# Exercise directions
Your answer should be the lines below from the one holding "#25=VECTOR('',#24,1.);" through the one holding "#37=LINE('',#36,#35);", copied exactly and with nothing else.

Dataset items
###

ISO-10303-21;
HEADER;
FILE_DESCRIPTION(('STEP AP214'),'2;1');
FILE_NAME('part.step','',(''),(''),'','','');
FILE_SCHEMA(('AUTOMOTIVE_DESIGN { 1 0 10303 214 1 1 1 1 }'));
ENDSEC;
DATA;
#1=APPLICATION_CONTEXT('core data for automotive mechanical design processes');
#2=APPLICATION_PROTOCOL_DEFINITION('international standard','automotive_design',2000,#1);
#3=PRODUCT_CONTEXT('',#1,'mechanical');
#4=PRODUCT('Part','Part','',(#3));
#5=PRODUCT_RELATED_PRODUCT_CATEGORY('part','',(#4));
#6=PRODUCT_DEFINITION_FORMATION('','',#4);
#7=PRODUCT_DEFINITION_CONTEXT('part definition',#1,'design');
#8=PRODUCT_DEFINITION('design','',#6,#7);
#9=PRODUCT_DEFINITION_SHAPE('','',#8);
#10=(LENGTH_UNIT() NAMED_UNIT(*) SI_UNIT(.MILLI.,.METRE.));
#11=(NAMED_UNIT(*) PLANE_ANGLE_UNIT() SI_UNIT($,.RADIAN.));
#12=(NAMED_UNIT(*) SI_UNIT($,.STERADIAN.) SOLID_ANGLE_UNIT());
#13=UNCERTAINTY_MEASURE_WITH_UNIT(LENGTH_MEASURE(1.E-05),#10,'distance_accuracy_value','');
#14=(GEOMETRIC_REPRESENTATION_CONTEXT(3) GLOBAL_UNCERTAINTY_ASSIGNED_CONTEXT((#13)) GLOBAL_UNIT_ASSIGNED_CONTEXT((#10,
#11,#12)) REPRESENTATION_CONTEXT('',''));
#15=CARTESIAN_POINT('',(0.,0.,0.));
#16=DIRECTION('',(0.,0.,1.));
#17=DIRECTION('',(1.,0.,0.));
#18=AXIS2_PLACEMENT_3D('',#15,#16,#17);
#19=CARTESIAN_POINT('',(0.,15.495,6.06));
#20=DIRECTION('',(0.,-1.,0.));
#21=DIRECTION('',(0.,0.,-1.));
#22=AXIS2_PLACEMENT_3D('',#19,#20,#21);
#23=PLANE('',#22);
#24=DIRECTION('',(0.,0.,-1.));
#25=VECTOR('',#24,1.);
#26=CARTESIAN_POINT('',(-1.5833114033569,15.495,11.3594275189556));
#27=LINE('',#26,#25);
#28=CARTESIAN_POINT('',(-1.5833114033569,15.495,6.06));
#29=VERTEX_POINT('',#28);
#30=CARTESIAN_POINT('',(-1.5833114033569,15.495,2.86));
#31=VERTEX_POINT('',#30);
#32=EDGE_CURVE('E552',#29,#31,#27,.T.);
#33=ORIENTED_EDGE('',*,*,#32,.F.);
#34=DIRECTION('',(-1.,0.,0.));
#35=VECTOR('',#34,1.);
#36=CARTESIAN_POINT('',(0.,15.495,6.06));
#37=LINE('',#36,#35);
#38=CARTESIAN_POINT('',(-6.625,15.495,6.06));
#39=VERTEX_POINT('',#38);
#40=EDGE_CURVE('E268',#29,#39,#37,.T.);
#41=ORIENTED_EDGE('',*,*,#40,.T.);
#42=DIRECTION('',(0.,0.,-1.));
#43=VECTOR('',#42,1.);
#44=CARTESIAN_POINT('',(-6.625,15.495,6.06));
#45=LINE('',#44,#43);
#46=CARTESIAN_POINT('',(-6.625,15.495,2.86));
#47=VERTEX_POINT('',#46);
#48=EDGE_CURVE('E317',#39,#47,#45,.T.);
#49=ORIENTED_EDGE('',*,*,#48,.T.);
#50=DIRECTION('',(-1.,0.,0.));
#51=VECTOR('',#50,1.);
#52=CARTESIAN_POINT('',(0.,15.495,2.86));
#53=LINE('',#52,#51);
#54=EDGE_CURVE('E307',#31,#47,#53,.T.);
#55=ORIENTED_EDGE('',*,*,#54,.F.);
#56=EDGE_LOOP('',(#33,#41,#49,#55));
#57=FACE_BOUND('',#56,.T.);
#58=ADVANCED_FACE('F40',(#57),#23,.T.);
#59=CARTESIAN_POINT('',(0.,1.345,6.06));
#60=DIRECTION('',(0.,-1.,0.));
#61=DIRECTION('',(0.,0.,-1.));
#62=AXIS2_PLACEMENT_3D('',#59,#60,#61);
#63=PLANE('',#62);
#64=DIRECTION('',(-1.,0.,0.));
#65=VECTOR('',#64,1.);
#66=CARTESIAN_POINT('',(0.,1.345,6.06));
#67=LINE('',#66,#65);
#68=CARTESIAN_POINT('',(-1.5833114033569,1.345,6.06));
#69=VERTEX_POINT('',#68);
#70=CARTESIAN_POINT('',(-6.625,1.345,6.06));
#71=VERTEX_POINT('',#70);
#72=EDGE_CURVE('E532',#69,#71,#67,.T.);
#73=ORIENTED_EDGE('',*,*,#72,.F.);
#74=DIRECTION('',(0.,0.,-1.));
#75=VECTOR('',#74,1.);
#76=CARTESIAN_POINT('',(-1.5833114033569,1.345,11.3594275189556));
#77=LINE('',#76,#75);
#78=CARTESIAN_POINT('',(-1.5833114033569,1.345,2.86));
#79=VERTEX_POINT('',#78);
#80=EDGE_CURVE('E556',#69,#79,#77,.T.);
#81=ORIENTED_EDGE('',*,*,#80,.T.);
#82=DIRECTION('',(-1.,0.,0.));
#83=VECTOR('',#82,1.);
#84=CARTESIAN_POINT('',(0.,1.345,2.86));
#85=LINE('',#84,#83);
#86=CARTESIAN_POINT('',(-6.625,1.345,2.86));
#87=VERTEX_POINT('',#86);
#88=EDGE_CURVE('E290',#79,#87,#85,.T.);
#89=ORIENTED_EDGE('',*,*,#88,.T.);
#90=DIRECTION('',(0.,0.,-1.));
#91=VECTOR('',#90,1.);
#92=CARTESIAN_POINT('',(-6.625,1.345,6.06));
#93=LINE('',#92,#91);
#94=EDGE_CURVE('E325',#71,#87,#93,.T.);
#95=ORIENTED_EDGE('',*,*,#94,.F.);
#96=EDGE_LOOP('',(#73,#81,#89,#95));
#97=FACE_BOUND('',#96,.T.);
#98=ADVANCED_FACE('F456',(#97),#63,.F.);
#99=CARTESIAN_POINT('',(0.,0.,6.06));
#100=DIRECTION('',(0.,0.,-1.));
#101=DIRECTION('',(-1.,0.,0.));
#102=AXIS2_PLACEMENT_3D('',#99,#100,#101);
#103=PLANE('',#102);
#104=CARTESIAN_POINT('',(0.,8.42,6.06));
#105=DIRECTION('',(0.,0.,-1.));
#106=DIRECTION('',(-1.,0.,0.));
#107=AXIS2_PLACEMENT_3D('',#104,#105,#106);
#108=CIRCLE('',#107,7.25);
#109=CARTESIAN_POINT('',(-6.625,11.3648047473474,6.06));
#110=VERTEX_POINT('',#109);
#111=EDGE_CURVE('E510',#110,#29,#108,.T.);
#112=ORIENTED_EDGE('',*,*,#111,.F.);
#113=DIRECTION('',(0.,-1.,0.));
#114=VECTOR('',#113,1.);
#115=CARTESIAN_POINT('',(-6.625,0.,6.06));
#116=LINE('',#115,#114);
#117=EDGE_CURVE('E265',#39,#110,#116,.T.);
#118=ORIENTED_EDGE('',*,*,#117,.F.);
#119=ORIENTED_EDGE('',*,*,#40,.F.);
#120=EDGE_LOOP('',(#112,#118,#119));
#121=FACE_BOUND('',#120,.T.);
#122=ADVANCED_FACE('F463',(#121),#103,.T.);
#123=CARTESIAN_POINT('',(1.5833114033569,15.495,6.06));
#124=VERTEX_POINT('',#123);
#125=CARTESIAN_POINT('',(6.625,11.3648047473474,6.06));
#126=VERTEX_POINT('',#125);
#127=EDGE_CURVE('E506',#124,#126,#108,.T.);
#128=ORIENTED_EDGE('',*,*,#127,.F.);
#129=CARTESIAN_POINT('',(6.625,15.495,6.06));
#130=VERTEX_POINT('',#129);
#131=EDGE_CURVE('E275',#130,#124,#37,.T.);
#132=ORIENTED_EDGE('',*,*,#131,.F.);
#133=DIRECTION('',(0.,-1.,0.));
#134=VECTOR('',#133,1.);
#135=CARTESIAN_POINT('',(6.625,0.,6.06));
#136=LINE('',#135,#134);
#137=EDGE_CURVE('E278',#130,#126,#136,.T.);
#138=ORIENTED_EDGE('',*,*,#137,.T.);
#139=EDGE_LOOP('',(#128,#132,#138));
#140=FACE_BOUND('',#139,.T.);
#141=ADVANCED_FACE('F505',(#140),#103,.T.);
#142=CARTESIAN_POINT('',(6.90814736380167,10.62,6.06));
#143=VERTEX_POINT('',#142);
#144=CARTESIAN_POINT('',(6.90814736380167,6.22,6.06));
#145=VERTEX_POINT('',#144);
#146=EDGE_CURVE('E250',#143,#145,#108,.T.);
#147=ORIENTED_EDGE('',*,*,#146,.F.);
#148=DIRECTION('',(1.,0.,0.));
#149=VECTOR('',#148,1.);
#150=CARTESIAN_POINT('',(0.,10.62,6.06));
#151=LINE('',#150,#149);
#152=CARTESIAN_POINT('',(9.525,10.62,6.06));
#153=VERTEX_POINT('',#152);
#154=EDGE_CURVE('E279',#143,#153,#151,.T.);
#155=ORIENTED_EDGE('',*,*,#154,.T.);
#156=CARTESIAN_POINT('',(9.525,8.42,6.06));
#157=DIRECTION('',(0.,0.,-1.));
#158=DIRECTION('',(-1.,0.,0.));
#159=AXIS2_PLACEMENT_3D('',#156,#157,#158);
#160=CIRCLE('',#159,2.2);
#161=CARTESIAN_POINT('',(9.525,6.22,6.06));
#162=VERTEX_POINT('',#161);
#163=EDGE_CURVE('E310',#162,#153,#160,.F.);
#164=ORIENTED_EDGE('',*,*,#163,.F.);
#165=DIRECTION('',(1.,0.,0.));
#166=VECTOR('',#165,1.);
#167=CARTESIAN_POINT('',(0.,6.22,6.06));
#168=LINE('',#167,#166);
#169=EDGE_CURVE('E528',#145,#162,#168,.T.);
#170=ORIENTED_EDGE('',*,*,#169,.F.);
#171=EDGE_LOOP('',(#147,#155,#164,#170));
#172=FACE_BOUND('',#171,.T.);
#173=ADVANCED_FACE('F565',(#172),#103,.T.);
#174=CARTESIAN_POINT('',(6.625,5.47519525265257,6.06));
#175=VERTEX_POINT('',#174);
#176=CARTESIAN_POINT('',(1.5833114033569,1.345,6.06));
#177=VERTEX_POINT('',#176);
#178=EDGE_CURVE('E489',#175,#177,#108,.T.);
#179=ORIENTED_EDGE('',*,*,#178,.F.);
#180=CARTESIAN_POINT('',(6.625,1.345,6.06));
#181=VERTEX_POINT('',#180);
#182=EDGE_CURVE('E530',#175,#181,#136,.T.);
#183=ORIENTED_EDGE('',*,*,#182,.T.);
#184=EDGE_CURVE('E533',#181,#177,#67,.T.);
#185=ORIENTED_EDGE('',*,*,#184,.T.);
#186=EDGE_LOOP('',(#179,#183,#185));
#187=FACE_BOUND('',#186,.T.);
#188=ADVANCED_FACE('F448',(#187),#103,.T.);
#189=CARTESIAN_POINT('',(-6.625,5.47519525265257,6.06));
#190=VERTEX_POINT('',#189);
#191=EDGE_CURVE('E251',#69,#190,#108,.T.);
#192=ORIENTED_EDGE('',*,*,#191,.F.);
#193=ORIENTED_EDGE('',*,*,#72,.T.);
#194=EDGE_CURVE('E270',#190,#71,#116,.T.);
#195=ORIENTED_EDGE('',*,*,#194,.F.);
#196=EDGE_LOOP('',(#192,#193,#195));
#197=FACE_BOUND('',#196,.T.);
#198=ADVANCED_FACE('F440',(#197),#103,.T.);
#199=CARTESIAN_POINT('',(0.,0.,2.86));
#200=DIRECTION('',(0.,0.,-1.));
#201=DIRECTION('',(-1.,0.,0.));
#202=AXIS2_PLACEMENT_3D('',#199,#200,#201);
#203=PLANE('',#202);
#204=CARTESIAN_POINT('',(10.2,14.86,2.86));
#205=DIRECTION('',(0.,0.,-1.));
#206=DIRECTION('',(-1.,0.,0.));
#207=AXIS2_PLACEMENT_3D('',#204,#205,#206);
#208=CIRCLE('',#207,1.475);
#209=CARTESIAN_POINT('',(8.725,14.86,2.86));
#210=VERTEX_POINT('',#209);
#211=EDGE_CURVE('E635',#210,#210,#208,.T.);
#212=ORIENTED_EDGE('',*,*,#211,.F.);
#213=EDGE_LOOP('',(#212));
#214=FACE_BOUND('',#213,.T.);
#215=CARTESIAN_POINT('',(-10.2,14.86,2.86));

###

# Solved exercise
#25=VECTOR('',#24,1.);
#26=CARTESIAN_POINT('',(-1.5833114033569,15.495,11.3594275189556));
#27=LINE('',#26,#25);
#28=CARTESIAN_POINT('',(-1.5833114033569,15.495,6.06));
#29=VERTEX_POINT('',#28);
#30=CARTESIAN_POINT('',(-1.5833114033569,15.495,2.86));
#31=VERTEX_POINT('',#30);
#32=EDGE_CURVE('E552',#29,#31,#27,.T.);
#33=ORIENTED_EDGE('',*,*,#32,.F.);
#34=DIRECTION('',(-1.,0.,0.));
#35=VECTOR('',#34,1.);
#36=CARTESIAN_POINT('',(0.,15.495,6.06));
#37=LINE('',#36,#35);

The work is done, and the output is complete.